Program vokasi bisa menjadi celah, mengingat posisinya sebagai pendidikan formal yang tak hanya melatih tenaga kerja terampil, melainkan juga berjiwa wirausaha. Dari kolam vokasi berpeluang muncul produk creative destruction, tatkala korporasi pilih mengejar efisiensi.
Dalam buku Enterprise Education in Vocational Education (2015), Daniele Morselli menyebutkan bahwa UMKM memainkan peran penting dalam mendorong inovasi dan pembukaan lapangan kerja di tengah masyarakat global yang kini menjadi 'masyarakat wirausahawan' dan bukan 'masyarakat karyawan'.

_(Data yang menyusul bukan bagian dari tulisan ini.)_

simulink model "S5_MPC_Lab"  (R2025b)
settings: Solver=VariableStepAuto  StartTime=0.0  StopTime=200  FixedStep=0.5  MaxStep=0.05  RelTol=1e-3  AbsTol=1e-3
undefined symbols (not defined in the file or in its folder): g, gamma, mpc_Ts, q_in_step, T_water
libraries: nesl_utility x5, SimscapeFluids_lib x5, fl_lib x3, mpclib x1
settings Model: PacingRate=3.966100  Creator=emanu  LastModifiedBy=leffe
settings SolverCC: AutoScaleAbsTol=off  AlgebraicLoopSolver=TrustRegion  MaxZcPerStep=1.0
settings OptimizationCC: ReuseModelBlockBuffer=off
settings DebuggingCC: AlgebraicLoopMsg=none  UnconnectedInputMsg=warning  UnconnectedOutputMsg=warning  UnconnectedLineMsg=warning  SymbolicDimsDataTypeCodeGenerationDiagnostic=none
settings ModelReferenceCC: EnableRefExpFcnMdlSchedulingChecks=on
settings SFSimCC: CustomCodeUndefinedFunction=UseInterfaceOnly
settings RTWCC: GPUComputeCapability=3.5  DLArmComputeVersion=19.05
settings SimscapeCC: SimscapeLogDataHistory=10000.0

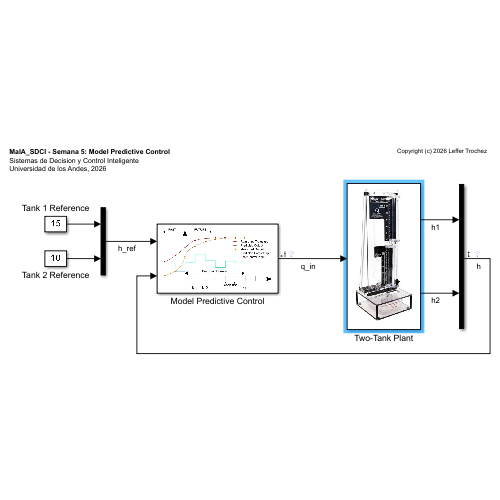
[thumbnail: Simulink's stored preview of the top-level diagram]
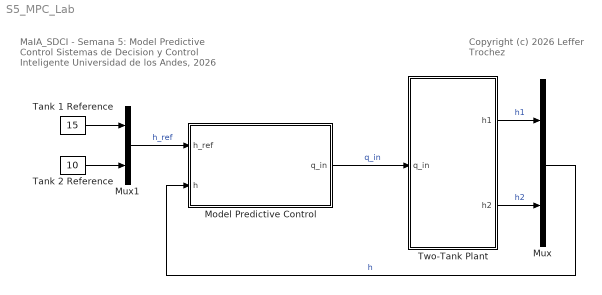
== system S5_MPC_Lab ==
  note: MaIA_SDCI - Semana 5: Model Predictive Control
      | Sistemas de Decision y Control Inteligente
      | Universidad de los Andes, 2026
  note: Copyright (c) 2026 Leffer Trochez
  Model Predictive Control : Subsystem
      mask Display: image('MPC.webp', [0,0,0,0,90,90]);
  Mux : Mux  Inputs=2
  Mux1 : Mux  Inputs=2
  Tank 1 Reference : Constant  Value=15
  Tank 2 Reference : Constant  Value=10
  Two-Tank Plant : Subsystem
      mask Display: image('Plant.jpeg');
  wires:
  Model Predictive Control/1(q_in) -> Two-Tank Plant/1(q_in)  "q_in"
  Two-Tank Plant/1(h1) -> Mux/1  "h1"
  Two-Tank Plant/2(h2) -> Mux/2  "h2"
  Mux/1 -> Model Predictive Control/2(h)  "h"
  Mux1/1 -> Model Predictive Control/1(h_ref)  "h_ref"
  Tank 1 Reference/1 -> Mux1/1
  Tank 2 Reference/1 -> Mux1/2

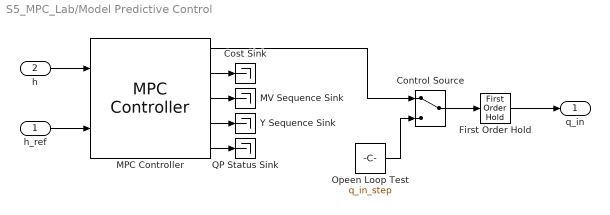
== system S5_MPC_Lab/Model Predictive Control ==
  h_ref : Inport
  h : Inport  Port=2
  " First Order Hold " : FirstOrderHold  ErrorTolerance=inf
  " MPC Controller " : mpclib/MPC Controller  SCDEnableBlockLinearizationSpecification=on  mpcobj=mpcController  is_multiple=0  enable_value=0  return_u0=off  updateMPCinCallerWorkspace=on  md_inport=off  mv_inport=off  uref_inport=off  return_cost=on  return_mvseq=on  return_qpstatus=on  return_xseq=off  return_state=off  return_ovseq=on  state_inport=off  umin_inport=off  umax_inport=off  ymin_inport=off  ymax_inport=off  cc_inport=off  ywt_inport=off  uwt_inport=off  duwt_inport=off  rhoeps_inport=off  pm_inport=off  MaximumP=10  HorizonChoice=FixedHorizon  n_ts=0.5  n_p=40  n_mv=1  n_md=0  n_ud=0  n_mo=2  n_uo=0  BlockDataType=double  SampleTimeInherited=off  switch_inport=off
  Control Source : ManualSwitch
  Cost Sink : Terminator
  MV Sequence Sink : Terminator
  Opeen Loop Test : Constant  Value=q_in_step  SampleTime=mpc_Ts
  QP Status Sink : Terminator
  Y Sequence Sink : Terminator
  q_in : Outport
  wires:
  h_ref/1 -> " MPC Controller "/2
  h/1 -> " MPC Controller "/1
  " First Order Hold "/1 -> q_in/1
  " MPC Controller "/1 -> Control Source/1
  Control Source/1 -> " First Order Hold "/1
  Opeen Loop Test/1 -> Control Source/2
  " MPC Controller "/2 -> Cost Sink/1
  " MPC Controller "/3 -> MV Sequence Sink/1
  " MPC Controller "/4 -> Y Sequence Sink/1
  " MPC Controller "/5 -> QP Status Sink/1

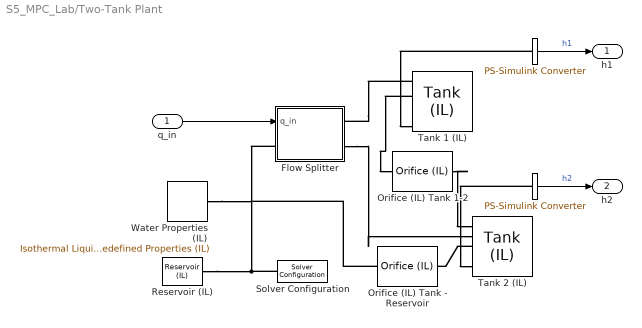
== system S5_MPC_Lab/Two-Tank Plant ==
  q_in : Inport
  " " : nesl_utility/PS-Simulink Converter  PhysicalDomain=network_engine_domain  SubClassName=ps_output  LeftPortType=input  RightPortType=output  PseudoPeriodic=off  Frequencies=[]  VectorFormat=inherit  Unit=cm  AffineConversion=off
  "  " : nesl_utility/PS-Simulink Converter  PhysicalDomain=network_engine_domain  SubClassName=ps_output  LeftPortType=input  RightPortType=output  PseudoPeriodic=off  Frequencies=[]  VectorFormat=inherit  Unit=cm  AffineConversion=off
  " Orifice (IL) Tank - Reservoir" : SimscapeFluids_lib/Isothermal Liquid/Valves & Orifices/Orifices/Orifice (IL)  orifice_type=foundation.enum.constant_variable.constant  constant_orifice_spec=fluids.isothermal_liquid.valves_orifices.orifices.enum.constant_orifice_spec.area  variable_orifice_spec=fluids.isothermal_liquid.valves_orifices.orifices.enum.orifice_spec.linear  orifice_area_constant=A_out cm^2  p_diff_TLU_constant=[-4, -3, -2, -1, -.5, 0, .5, 1, 2, 3, 4] MPa  vol_flow_TLU_constant=[-2.44, -2.12, -1.68, -1.22, -.84, 0, .85, 1.21, 1.7, 2.09, 2.41] .* 1e-3 m^3/s  S_min=0 m  del_S=5e-3 m  open_orientation=fluids.isothermal_liquid.valves_orifices.orifices.enum.orifice_orientation.positive  area_max=1e-4 m^2  area_leak=1e-10 m^2  S_TLU=[0, .002, .004, .007, .017] m  orifice_area_TLU=[1e-09, 2.0352e-07, 4.0736e-05, .00011438, .00034356] m^2  area=inf cm^2  Cd=0.64  Re_c=150  smoothing_factor=0.01  pressure_recovery=false  S_vol_flow_TLU=[0, .002, .004, .007, .017] m  p_diff_TLU=[.3, .5, .7] MPa  vol_flow_TLU=1e-3 * [1.7e-05, 2e-05, 2.6e-05; .0035, .0045, .0053; .7, .9, 1.06; 1.96, 2.5, 3; 6, 7.7, 9.13] m^3/s
      settings: InternalSimscapePortConfiguration="{\"Bottom\":[],\"Left\":[{\"id\":\"A\",\"label\":\"A\",\"type\":\"foundation.isothermal_liquid.isothermal_liquid\"}],\"Right\":[{\"id\":\"B\",\"label\":\"B\",\"type\":\"foundation.isothermal_liquid.isothermal_liquid\"}],\"Top\":[]}"
  " Orifice (IL) Tank 1-2" : SimscapeFluids_lib/Isothermal Liquid/Valves & Orifices/Orifices/Orifice (IL)  orifice_type=foundation.enum.constant_variable.constant  constant_orifice_spec=fluids.isothermal_liquid.valves_orifices.orifices.enum.constant_orifice_spec.area  variable_orifice_spec=fluids.isothermal_liquid.valves_orifices.orifices.enum.orifice_spec.linear  orifice_area_constant=A_12 cm^2  p_diff_TLU_constant=[-4, -3, -2, -1, -.5, 0, .5, 1, 2, 3, 4] MPa  vol_flow_TLU_constant=[-2.44, -2.12, -1.68, -1.22, -.84, 0, .85, 1.21, 1.7, 2.09, 2.41] .* 1e-3 m^3/s  S_min=0 m  del_S=5e-3 m  open_orientation=fluids.isothermal_liquid.valves_orifices.orifices.enum.orifice_orientation.positive  area_max=1e-4 m^2  area_leak=1e-10 m^2  S_TLU=[0, .002, .004, .007, .017] m  orifice_area_TLU=[1e-09, 2.0352e-07, 4.0736e-05, .00011438, .00034356] m^2  area=inf cm^2  Cd=0.64  Re_c=150  smoothing_factor=0.01  pressure_recovery=false  S_vol_flow_TLU=[0, .002, .004, .007, .017] m  p_diff_TLU=[.3, .5, .7] MPa  vol_flow_TLU=1e-3 * [1.7e-05, 2e-05, 2.6e-05; .0035, .0045, .0053; .7, .9, 1.06; 1.96, 2.5, 3; 6, 7.7, 9.13] m^3/s
      settings: InternalSimscapePortConfiguration="{\"Bottom\":[],\"Left\":[{\"id\":\"A\",\"label\":\"A\",\"type\":\"foundation.isothermal_liquid.isothermal_liquid\"}],\"Right\":[{\"id\":\"B\",\"label\":\"B\",\"type\":\"foundation.isothermal_liquid.isothermal_liquid\"}],\"Top\":[]}"
  Flow Splitter : Subsystem
      mask Display: image('$imagefile'); % Use "Edit Image" on toolstrip to change.
  Reservoir (IL) : fl_lib/Isothermal Liquid/Elements/Reservoir (IL)  reservoir_type=foundation.enum.constant_controlled.constant  pressure_spec=foundation.enum.pressure_spec.specified  reservoir_pressure=p_env atm
  Solver Configuration : nesl_utility/Solver Configuration  PhysicalDomain=network_engine_domain  SubClassName=solver  LeftPortType=input  RightPortType=generic  Tones=[]  Harmonics=[]  SimulateNoise=off  Profile=off  UseLocalSampling=off  EnableSwitchedLinearOptims=on  FrequencyDomain=off  UseCCode=off  RelTol=0.001  AbsTol=1e-06  MinStep=1e-09  ToWorkspace=off  RevertToSquareIcSolve=off  NumHomotopyIterations=100  PhasorMode=off  PhasorModeNumHarmonics=1  ConsistencySolver=NEWTON_XTOL_AFTER_FTOL  IndexReductionMethod=DerivativeReplacement  DoDC=off  ResidualTolerance=1e-09  ConsistencyTolSource=GLOBAL  ConsistencyAbsTol=0.001  ConsistencyRelTol=0.001  ConsistencyTolFactor=0.001  UseLocalSolver=off  LocalSolverChoice=NE_BACKWARD_EULER_ADVANCER  ResolveIndetEquations=on  FunctionEvalNumThread=1  LocalSolverSampleTime=0.001  DoFixedCost=on  MaxNonlinIter=3  MaxModeIter=2  ComputeImpulses=off  ImpulseIterations=2  LinearAlgebra=auto  LinearAlgebraNumThread=0  EquationFormulation=NE_TIME_EF  DelaysMemoryBudget=1024  AutomaticFiltering=on  FilteringTimeConstant=0.001  PartitionStorageMethod=AS_NEEDED  PartitionMemoryBudget=1024  PartitionMethod=ROBUST  MultibodyUseLocalSolver=off  MultibodyLocalSolverChoice=ODE1  MultibodyLocalSolverSampleTime=0.001
  Tank 1 (IL) : SimscapeFluids_lib/Isothermal Liquid/Tanks & Accumulators/Tank (IL)  num_inlet=fluids.isothermal_liquid.tanks_accumulators.enum.NumInlet.Two  pressure_spec=foundation.enum.pressure_spec.specified  tank_pressure=p_env atm  volume_spec=fluids.isothermal_liquid.tanks_accumulators.enum.TankVolumeSpec.Constant  tank_area=A_tank cm^2  level_TLU=[0, 3, 5] m  volume_TLU=[0, 4, 6] m^3  inlet_height_A=0.1 m  inlet_area_A=0.01 m^2  inlet_height_AB=h_ports_T1 cm  inlet_area_AB=A_ports_T1 cm^2  inlet_height_ABC=[.1, .1, .1] m  inlet_area_ABC=[.01, .01, .01] m^2  inlet_height_ABCD=0.1 * ones(1, 4) m  inlet_area_ABCD=0.01 * ones(1, 4) m^2  inlet_height_ABCDE=0.1 * ones(1, 5) m  inlet_area_ABCDE=0.01 * ones(1, 5) m^2  inlet_height_ABCDEF=0.1 * ones(1, 6) m  inlet_area_ABCDEF=0.01 * ones(1, 6) m^2  level_check=simscape.enum.assert.action.none  capacity_check=simscape.enum.assert.action.warn  max_capacity=V_max cm^3  g=g m/s^2  level_specify=on  level_priority=High  level=h1_0 cm  level_nominal_specify=off  level_nominal_value=1  level_nominal_unit=m  volume_specify=off  volume_priority=None  volume=0 cm^3  volume_nominal_specify=off  volume_nominal_value=1  volume_nominal_unit=m^3  mass_specify=off  mass_priority=None  mass=0 kg  mass_nominal_specify=off  mass_nominal_value=1  mass_nominal_unit=kg
      settings: InternalSimscapePortConfiguration="{\"Bottom\":[],\"Left\":[{\"id\":\"A\",\"label\":\"A\",\"type\":\"foundation.isothermal_liquid.isothermal_liquid\"},{\"id\":\"B\",\"label\":\"B\",\"type\":\"foundation.isothermal_liquid.isothermal_liquid\"}],\"Right\":[],\"Top\":[{\"id\":\"V\",\"label\":\"V\",\"type\":\"output\"},{\"id\":\"L\",\"label\":\"L\",\"type\":\"output\"}]}"
  Tank 2 (IL) : SimscapeFluids_lib/Isothermal Liquid/Tanks & Accumulators/Tank (IL)  num_inlet=fluids.isothermal_liquid.tanks_accumulators.enum.NumInlet.Three  pressure_spec=foundation.enum.pressure_spec.specified  tank_pressure=p_env atm  volume_spec=fluids.isothermal_liquid.tanks_accumulators.enum.TankVolumeSpec.Constant  tank_area=A_tank cm^2  level_TLU=[0, 3, 5] m  volume_TLU=[0, 4, 6] m^3  inlet_height_A=0.1 m  inlet_area_A=0.01 m^2  inlet_height_AB=[.1, .1] m  inlet_area_AB=[.01, .01] m^2  inlet_height_ABC=h_ports_T2 cm  inlet_area_ABC=A_ports_T2 cm^2  inlet_height_ABCD=0.1 * ones(1, 4) m  inlet_area_ABCD=0.01 * ones(1, 4) m^2  inlet_height_ABCDE=0.1 * ones(1, 5) m  inlet_area_ABCDE=0.01 * ones(1, 5) m^2  inlet_height_ABCDEF=0.1 * ones(1, 6) m  inlet_area_ABCDEF=0.01 * ones(1, 6) m^2  level_check=simscape.enum.assert.action.none  capacity_check=simscape.enum.assert.action.warn  max_capacity=V_max cm^3  g=g m/s^2  level_specify=on  level_priority=High  level=h2_0 cm  level_nominal_specify=off  level_nominal_value=1  level_nominal_unit=m  volume_specify=off  volume_priority=None  volume=0 m^3  volume_nominal_specify=off  volume_nominal_value=1  volume_nominal_unit=m^3  mass_specify=off  mass_priority=None  mass=0 kg  mass_nominal_specify=off  mass_nominal_value=1  mass_nominal_unit=kg
      settings: InternalSimscapePortConfiguration="{\"Bottom\":[],\"Left\":[{\"id\":\"A\",\"label\":\"A\",\"type\":\"foundation.isothermal_liquid.isothermal_liquid\"},{\"id\":\"B\",\"label\":\"B\",\"type\":\"foundation.isothermal_liquid.isothermal_liquid\"},{\"id\":\"C\",\"label\":\"C\",\"type\":\"foundation.isothermal_liquid.isothermal_liquid\"}],\"Right\":[],\"Top\":[{\"id\":\"V\",\"label\":\"V\",\"type\":\"output\"},{\"id\":\"L\",\"label\":\"L\",\"type\":\"output\"}]}"
  Water Properties (IL) : SimscapeFluids_lib/Isothermal Liquid/Utilities/Isothermal Liquid Predefined Properties (IL)  fluid_list=fluids.isothermal_liquid.utilities.enum.isothermal_liquid_fluid_list.water  concentration_param_EG=fluids.isothermal_liquid.utilities.enum.isothermal_liquid_concentration.volume_fraction  concentration_param_PG=fluids.isothermal_liquid.utilities.enum.isothermal_liquid_concentration.volume_fraction  c_mass_SW=3.5e-3  c_mass_EG=0.1  c_mass_PG=0.1  c_mass_GL=0.1  c_vol_EG=0.1  c_vol_PG=0.1  beta_L_atm_EG=2.1791 GPa  beta_L_atm_PG=2.1791 GPa  beta_L_atm_GL=2.1791 GPa  p_min_EG=0.01 MPa  p_min_PG=0.01 MPa  p_min_GL=0.01 MPa  T=T_water K  derate_coeff=1  p_atm=0.101325 MPa  properties_range_check=simscape.enum.assert.action.error  air_fraction=0.005  polytropic_index=1.0  rho_g_atm=1.225 kg/m^3  air_dissolution_model=simscape.enum.onoff.off  p_crit=3 MPa
      settings: InternalSimscapePortConfiguration="{\"Bottom\":[],\"Left\":[],\"Right\":[{\"id\":\"A\",\"label\":\"\",\"type\":\"foundation.isothermal_liquid.isothermal_liquid\"}],\"Top\":[]}"
  h1 : Outport
  h2 : Outport  Port=2
  wires:
  " "/1 -> h1/1  "h1"
  "  "/1 -> h2/1  "h2"
  q_in/1 -> Flow Splitter/1(q_in)
  connections:
  Flow Splitter/RConn2 -- Tank 2 (IL)/LConn2
  Reservoir (IL)/LConn1 -- " Orifice (IL) Tank - Reservoir"/RConn1 -- Flow Splitter/LConn1 -- Water Properties (IL)/RConn1 -- Solver Configuration/RConn1
  "  "/LConn1 -- Tank 2 (IL)/LConn5
  " "/LConn1 -- Tank 1 (IL)/LConn4
  Tank 1 (IL)/LConn1 -- Flow Splitter/RConn1
  Tank 1 (IL)/LConn2 -- " Orifice (IL) Tank 1-2"/LConn1
  " Orifice (IL) Tank 1-2"/RConn1 -- Tank 2 (IL)/LConn1
  Tank 2 (IL)/LConn3 -- " Orifice (IL) Tank - Reservoir"/LConn1

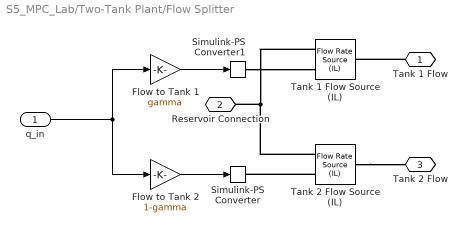
== system S5_MPC_Lab/Two-Tank Plant/Flow Splitter ==
  q_in : Inport
  Flow to Tank 1 : Gain  Gain=gamma
  Flow to Tank 2 : Gain  Gain=1-gamma
  Simulink-PS Converter : nesl_utility/Simulink-PS Converter  PhysicalDomain=network_engine_domain  SubClassName=ps_input  LeftPortType=input  RightPortType=output  PseudoPeriodic=off  Frequencies=[]  NoiseDistribution=none  NoiseParameters=[]  Unit=cm^3/s  AffineConversion=off  FilteringAndDerivatives=provide  SimscapeFilterOrder=1  InputFilterTimeConstant=0.001  UdotUserProvided=0
  Simulink-PS Converter1 : nesl_utility/Simulink-PS Converter  PhysicalDomain=network_engine_domain  SubClassName=ps_input  LeftPortType=input  RightPortType=output  PseudoPeriodic=off  Frequencies=[]  NoiseDistribution=none  NoiseParameters=[]  Unit=cm^3/s  AffineConversion=off  FilteringAndDerivatives=provide  SimscapeFilterOrder=1  InputFilterTimeConstant=0.001  UdotUserProvided=0
  Tank 1 Flow Source (IL) : fl_lib/Isothermal Liquid/Sources/Flow Rate Source (IL)  source_type=foundation.enum.constant_controlled.controlled  flow_type=foundation.enum.mass_volumetric_flow.volumetric  mass_flow=0 kg/s  volumetric_flow=27*0.4 gpm
      settings: InternalSimscapePortConfiguration="{\"Bottom\":[],\"Left\":[{\"id\":\"A\",\"label\":\"A\",\"type\":\"foundation.isothermal_liquid.isothermal_liquid\"},{\"id\":\"V\",\"label\":\"V\",\"type\":\"input\"}],\"Right\":[{\"id\":\"B\",\"label\":\"B\",\"type\":\"foundation.isothermal_liquid.isothermal_liquid\"}],\"Top\":[]}"
  Tank 2 Flow Source (IL) : fl_lib/Isothermal Liquid/Sources/Flow Rate Source (IL)  source_type=foundation.enum.constant_controlled.controlled  flow_type=foundation.enum.mass_volumetric_flow.volumetric  mass_flow=0 kg/s  volumetric_flow=27*0.6 gpm
      settings: InternalSimscapePortConfiguration="{\"Bottom\":[],\"Left\":[{\"id\":\"A\",\"label\":\"A\",\"type\":\"foundation.isothermal_liquid.isothermal_liquid\"},{\"id\":\"V\",\"label\":\"V\",\"type\":\"input\"}],\"Right\":[{\"id\":\"B\",\"label\":\"B\",\"type\":\"foundation.isothermal_liquid.isothermal_liquid\"}],\"Top\":[]}"
  Tank 1 Flow : PMIOPort  Side=Right
  Reservoir Connection : PMIOPort  Port=2  Side=Left
  Tank 2 Flow : PMIOPort  Port=3  Side=Right
  wires:
  Flow to Tank 1/1 -> Simulink-PS Converter1/1
  Flow to Tank 2/1 -> Simulink-PS Converter/1
  q_in/1 -> Flow to Tank 2/1, Flow to Tank 1/1
  connections:
  Tank 2 Flow Source (IL)/LConn1 -- Tank 1 Flow Source (IL)/LConn1 -- Reservoir Connection/RConn1
  Tank 2 Flow Source (IL)/RConn1 -- Tank 2 Flow/RConn1
  Tank 1 Flow/RConn1 -- Tank 1 Flow Source (IL)/RConn1
  Simulink-PS Converter1/RConn1 -- Tank 1 Flow Source (IL)/LConn2
  Tank 2 Flow Source (IL)/LConn2 -- Simulink-PS Converter/RConn1

Mengacu pada riset Audretsch berjudul "Innovation and Technological Change" (2003), dia menunjukkan bahwa inovasi lebih mungkin terjadi di kalangan UKM, ketimbang di fasilitas R&D perusahaan besar. Pasalnya, UKM dituntut untuk berinovasi agar bertahan di pasar.
Hal demikian hanya bisa muncul dari jiwa wirausaha, yang utamanya bergerak di sektor teknologi sebagai sektor yang banyak menyerap pekerja dari sekolah vokasi. "Sekolah vokasi memiliki posisi yang utama untuk mendukung inovasi UKM," ujar Daniele.
Artinya, ketika aktivitas riset korporasi menurun akibat pandemi, program vokasi bisa menjadi mutiara yang bersinar dengan produk inovasi dari para lulusannya, terutama yang terserap di UMKM sektor teknologi atau perusahaan rintisan digital (startup) sebagaimana disinggung di atas.
Di era new normal, posisi digital ini menjadi kunci karena membentuk pola interaksi konsumsi dan produksi dengan berbasis teknologi digital, setelah pelaku usaha dan konsumen "dipaksa" migrasi ke ranah digital sebagai konsekuensi penjarakan sosial (social distancing) saat ini.